The present study is the first one that included a comparison group to evaluate the impact of a government-subsidized supermarket on children’s food consumption. Results are consistent with other cross-sectional and pre/post studies, which suggest proximity to full-service supermarkets does not significantly impact dietary habits at least in the course of one year. It is worth noting that even though this was an area with considerably less access to supermarkets than others in New York City, almost all consumers were already shopping at supermarkets for most of the food they prepared at home. We need further work to determine what the exact definition of a ‘food desert’ should be – at what distance or density does poor access to a supermarket diminish diet?
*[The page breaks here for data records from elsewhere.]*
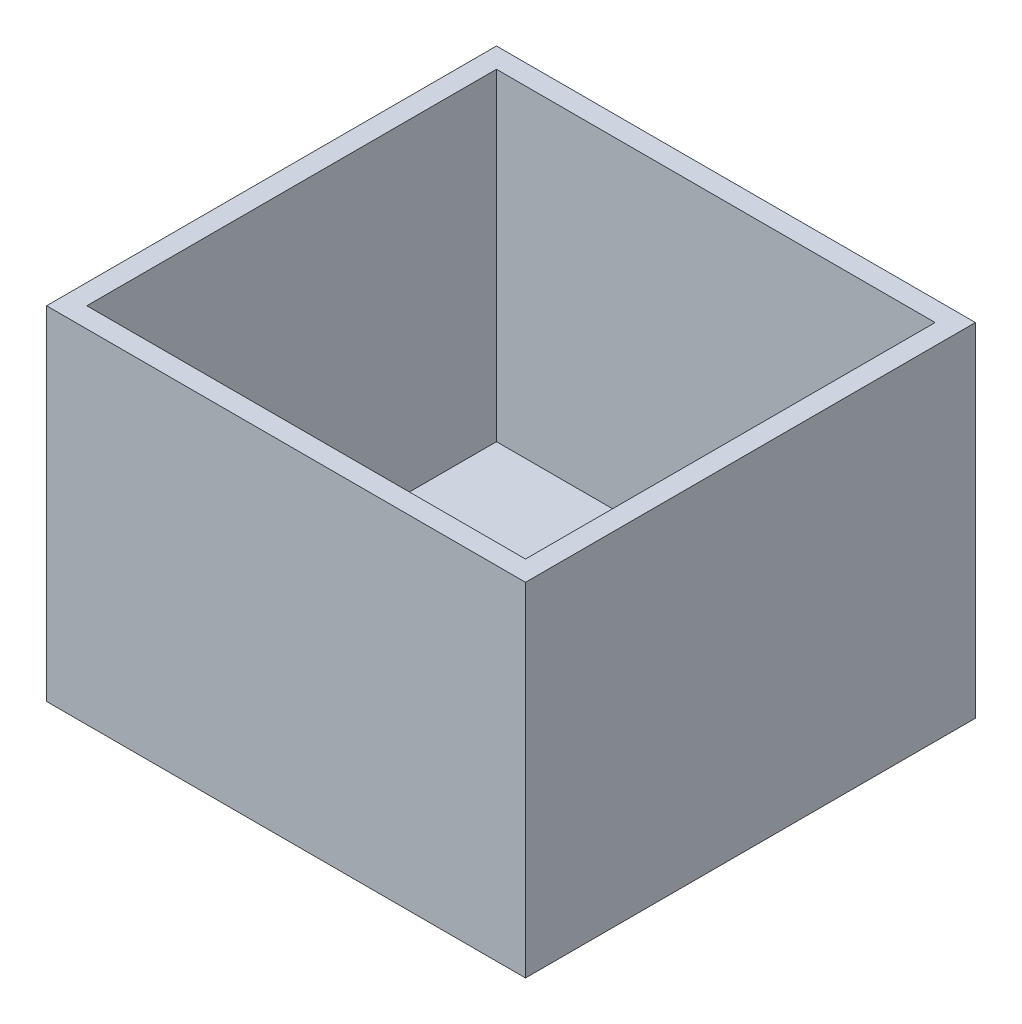
SolidWorks part; units mm, degrees
ref_plane "Front Plane" through (0, 0, 0) normal (0, 0, 1) x (1, 0, 0)
ref_plane "Top Plane" through (0, 0, 0) normal (0, 1, 0) x (1, 0, 0)
ref_plane "Right Plane" through (0, 0, 0) normal (1, 0, 0) x (0, 0, -1)
sketch "Sketch1" plane through (0, 0, 0) normal (0, 1, 0) x (1, 0, 0)
  line L1 (0, 0) -> (69.088, 0)
  line L2 (0, 0) -> (0, -64.516)
  line L3 (0, -64.516) -> (69.088, -64.516)
  line L4 (69.088, 0) -> (69.088, -64.516)
  dimension "D1" = 64.516
  dimension "D2" = 69.088
extrude "Boss-Extrude1" add sketch "Sketch1" along normal blind 50.8
shell "Shell1" thickness 3.175
sketch "Sketch2" plane through (0, 0, 0) normal (0, 1, 0) x (1, 0, 0)
  line L0 (0, 0) -> (0, -64.516) construction
  line L1 (0, -64.516) -> (69.088, -64.516) construction
  circle A0 centre (14.478, -61.468) radius 1.905
  dimension "D3" = 3.81
  dimension "D1" = 14.478
  dimension "D2" = 3.048

Future work to examine the impact of a supermarket on residents within the immediate neighbourhood v. the larger community may be helpful in this regard.

Low-income and ethnic minority neighbourhoods are underserved by supermarkets relative to their higher-income counterparts, and it is at face value logical that increasing availability of healthful foods could improve diets. However, the ubiquity of processed foods and pervasiveness of junk food marketing have implications for behaviour change and may thwart efforts to improve eating habits. It is possible that a more ‘healthful’ supermarket, one that devotes prime supermarket real estate to healthier options, offers discounts for smaller package sizes, and replaces candy and soda with fresh fruits and vegetables at cash registers could have a larger impact on health( Reference Nestle 42 ).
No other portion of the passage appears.